-- PROVIDED INFORMATION follows --

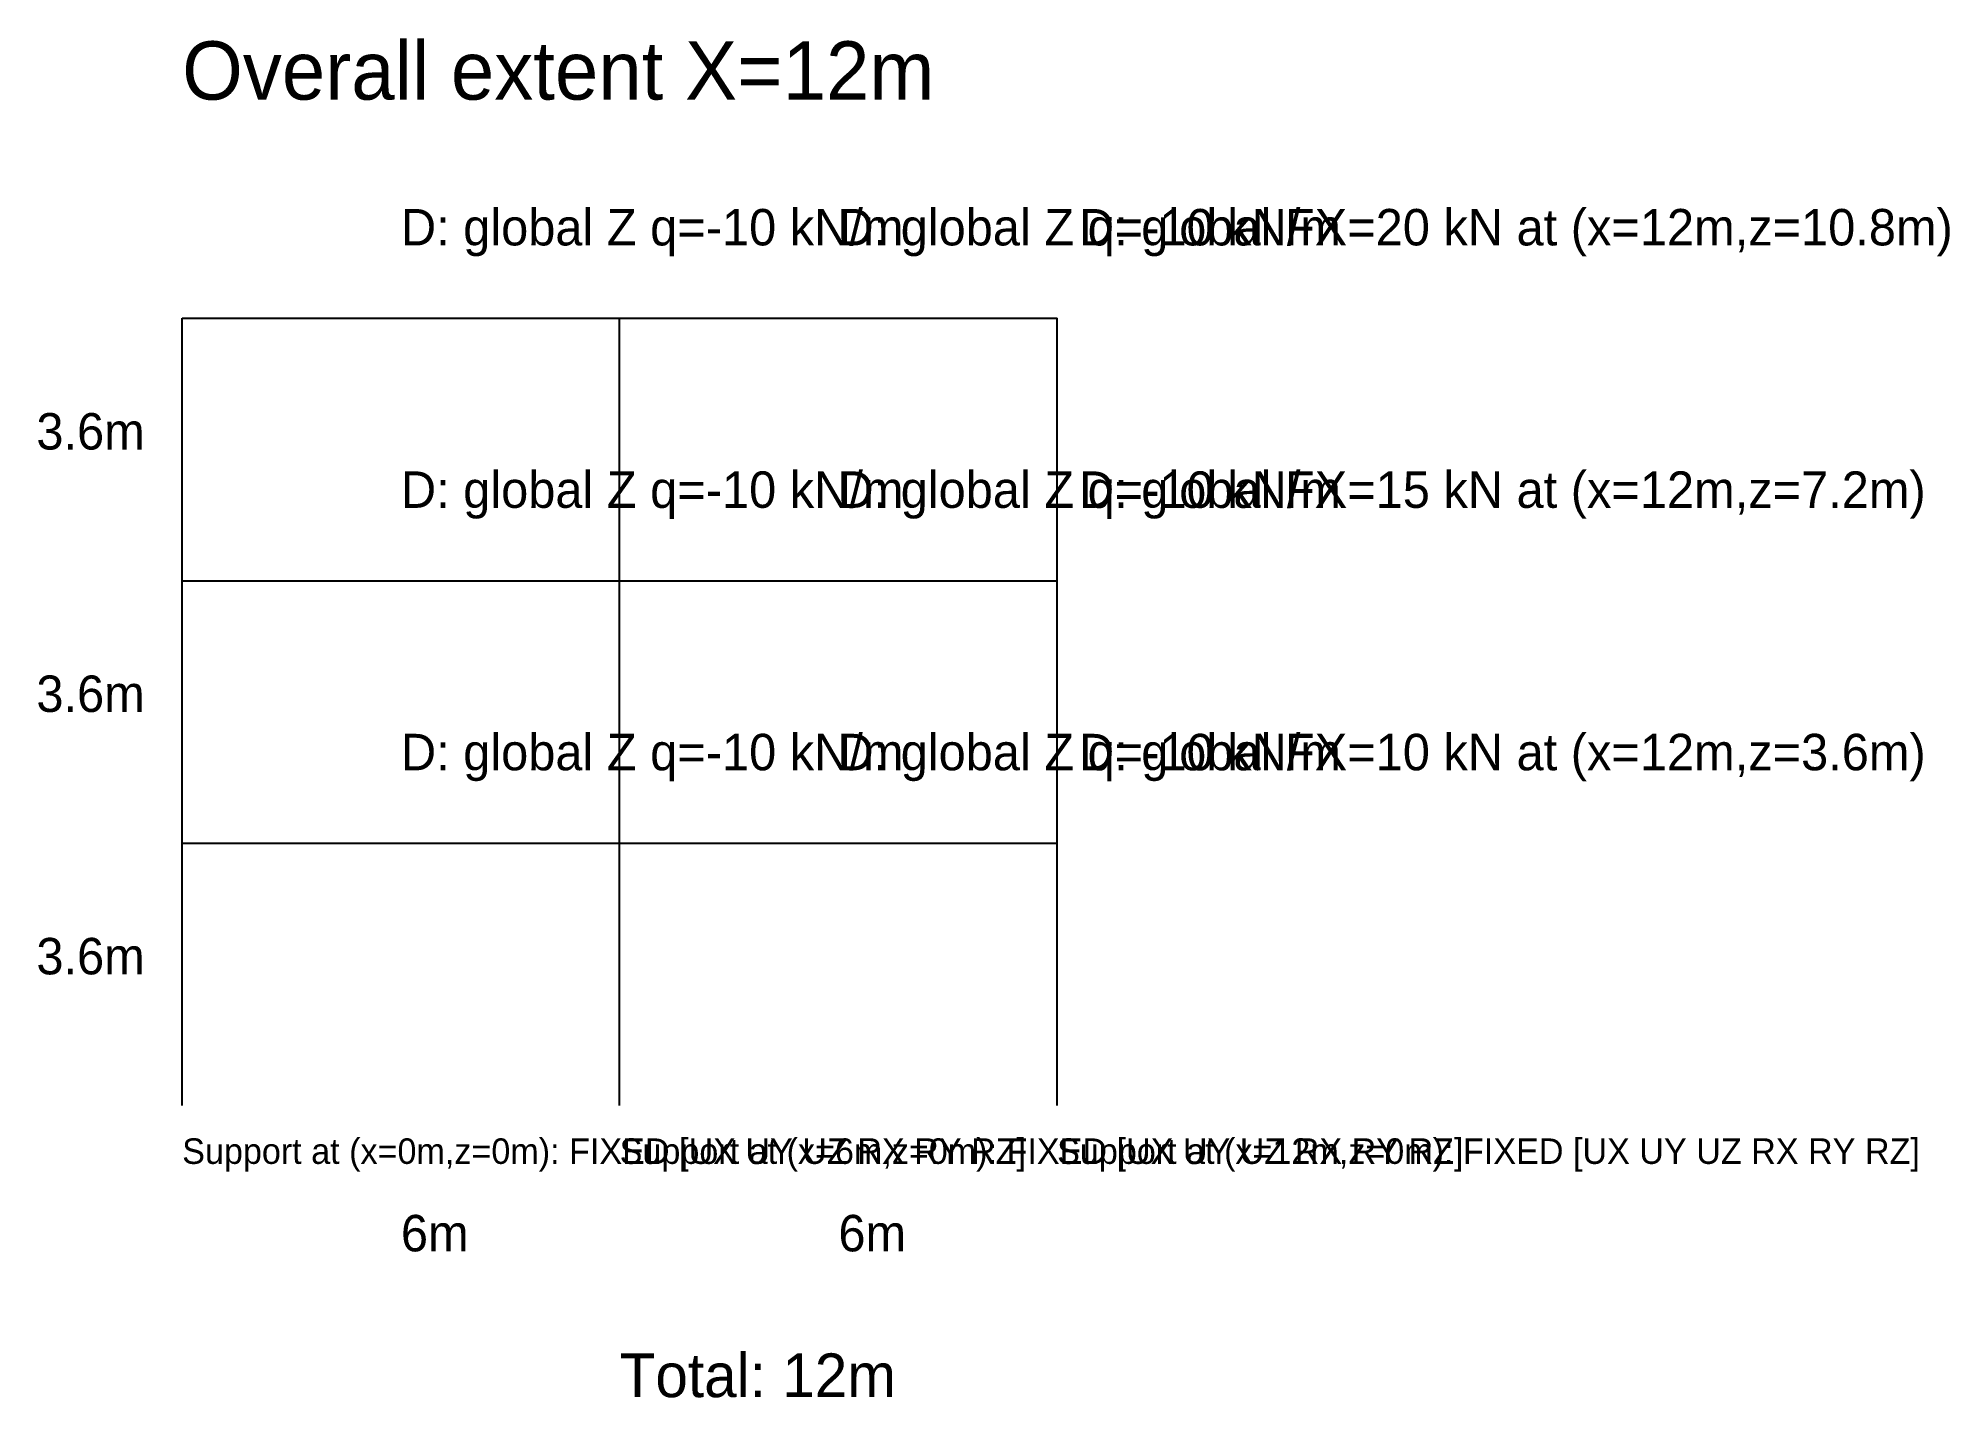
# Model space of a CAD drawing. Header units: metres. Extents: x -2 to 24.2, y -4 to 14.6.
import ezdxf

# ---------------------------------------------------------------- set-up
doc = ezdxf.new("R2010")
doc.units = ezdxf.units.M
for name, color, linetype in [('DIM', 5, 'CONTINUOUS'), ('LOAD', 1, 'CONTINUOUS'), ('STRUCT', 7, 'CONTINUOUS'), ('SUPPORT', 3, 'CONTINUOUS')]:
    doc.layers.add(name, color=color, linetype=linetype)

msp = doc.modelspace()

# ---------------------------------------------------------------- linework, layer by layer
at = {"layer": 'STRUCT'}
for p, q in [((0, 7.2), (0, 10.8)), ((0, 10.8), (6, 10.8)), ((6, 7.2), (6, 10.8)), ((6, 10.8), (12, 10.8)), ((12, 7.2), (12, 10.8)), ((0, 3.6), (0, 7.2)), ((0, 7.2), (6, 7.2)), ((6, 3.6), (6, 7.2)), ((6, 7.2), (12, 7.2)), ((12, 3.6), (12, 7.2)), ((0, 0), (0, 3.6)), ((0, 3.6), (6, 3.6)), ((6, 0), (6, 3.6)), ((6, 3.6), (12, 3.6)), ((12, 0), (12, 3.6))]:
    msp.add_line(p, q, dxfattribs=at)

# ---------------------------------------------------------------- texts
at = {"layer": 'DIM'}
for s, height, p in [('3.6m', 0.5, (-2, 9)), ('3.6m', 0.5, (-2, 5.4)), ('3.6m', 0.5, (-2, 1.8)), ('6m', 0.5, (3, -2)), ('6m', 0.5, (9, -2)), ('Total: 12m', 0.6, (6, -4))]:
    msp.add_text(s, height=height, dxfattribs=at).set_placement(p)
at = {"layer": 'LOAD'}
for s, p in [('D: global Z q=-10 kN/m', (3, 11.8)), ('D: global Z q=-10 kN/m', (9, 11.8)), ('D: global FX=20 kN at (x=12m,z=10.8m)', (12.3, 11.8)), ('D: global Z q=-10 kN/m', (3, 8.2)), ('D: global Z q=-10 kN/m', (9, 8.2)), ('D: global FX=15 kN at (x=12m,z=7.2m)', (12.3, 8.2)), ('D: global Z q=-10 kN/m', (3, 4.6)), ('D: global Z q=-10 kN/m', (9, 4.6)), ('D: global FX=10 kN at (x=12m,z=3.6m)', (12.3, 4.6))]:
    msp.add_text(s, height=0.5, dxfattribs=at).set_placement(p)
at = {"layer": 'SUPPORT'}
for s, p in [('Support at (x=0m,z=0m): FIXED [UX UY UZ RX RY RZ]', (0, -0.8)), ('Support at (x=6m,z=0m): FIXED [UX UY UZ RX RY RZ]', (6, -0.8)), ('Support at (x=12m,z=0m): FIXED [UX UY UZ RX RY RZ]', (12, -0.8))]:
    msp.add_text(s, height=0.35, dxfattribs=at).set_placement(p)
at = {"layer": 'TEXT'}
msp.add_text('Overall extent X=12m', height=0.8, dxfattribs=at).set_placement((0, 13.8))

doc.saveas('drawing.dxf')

-- PROVIDED INFORMATION concluded --

**EXERCISE INSTRUCTIONS**
When you output the entries, keep each line exactly as it is and leave out any pictures.

**ANSWER SECTION**
# Model space of a CAD drawing. Header units: metres. Extents: x -2 to 24.2, y -4 to 14.6.
import ezdxf

# ---------------------------------------------------------------- set-up
doc = ezdxf.new("R2010")
doc.units = ezdxf.units.M
for name, color, linetype in [('DIM', 5, 'CONTINUOUS'), ('LOAD', 1, 'CONTINUOUS'), ('STRUCT', 7, 'CONTINUOUS'), ('SUPPORT', 3, 'CONTINUOUS')]:
    doc.layers.add(name, color=color, linetype=linetype)

msp = doc.modelspace()

# ---------------------------------------------------------------- linework, layer by layer
at = {"layer": 'STRUCT'}
for p, q in [((0, 7.2), (0, 10.8)), ((0, 10.8), (6, 10.8)), ((6, 7.2), (6, 10.8)), ((6, 10.8), (12, 10.8)), ((12, 7.2), (12, 10.8)), ((0, 3.6), (0, 7.2)), ((0, 7.2), (6, 7.2)), ((6, 3.6), (6, 7.2)), ((6, 7.2), (12, 7.2)), ((12, 3.6), (12, 7.2)), ((0, 0), (0, 3.6)), ((0, 3.6), (6, 3.6)), ((6, 0), (6, 3.6)), ((6, 3.6), (12, 3.6)), ((12, 0), (12, 3.6))]:
    msp.add_line(p, q, dxfattribs=at)

# ---------------------------------------------------------------- texts
at = {"layer": 'DIM'}
for s, height, p in [('3.6m', 0.5, (-2, 9)), ('3.6m', 0.5, (-2, 5.4)), ('3.6m', 0.5, (-2, 1.8)), ('6m', 0.5, (3, -2)), ('6m', 0.5, (9, -2)), ('Total: 12m', 0.6, (6, -4))]:
    msp.add_text(s, height=height, dxfattribs=at).set_placement(p)
at = {"layer": 'LOAD'}
for s, p in [('D: global Z q=-10 kN/m', (3, 11.8)), ('D: global Z q=-10 kN/m', (9, 11.8)), ('D: global FX=20 kN at (x=12m,z=10.8m)', (12.3, 11.8)), ('D: global Z q=-10 kN/m', (3, 8.2)), ('D: global Z q=-10 kN/m', (9, 8.2)), ('D: global FX=15 kN at (x=12m,z=7.2m)', (12.3, 8.2)), ('D: global Z q=-10 kN/m', (3, 4.6)), ('D: global Z q=-10 kN/m', (9, 4.6)), ('D: global FX=10 kN at (x=12m,z=3.6m)', (12.3, 4.6))]:
    msp.add_text(s, height=0.5, dxfattribs=at).set_placement(p)
at = {"layer": 'SUPPORT'}
for s, p in [('Support at (x=0m,z=0m): FIXED [UX UY UZ RX RY RZ]', (0, -0.8)), ('Support at (x=6m,z=0m): FIXED [UX UY UZ RX RY RZ]', (6, -0.8)), ('Support at (x=12m,z=0m): FIXED [UX UY UZ RX RY RZ]', (12, -0.8))]:
    msp.add_text(s, height=0.35, dxfattribs=at).set_placement(p)
at = {"layer": 'TEXT'}
msp.add_text('Overall extent X=12m', height=0.8, dxfattribs=at).set_placement((0, 13.8))

doc.saveas('drawing.dxf')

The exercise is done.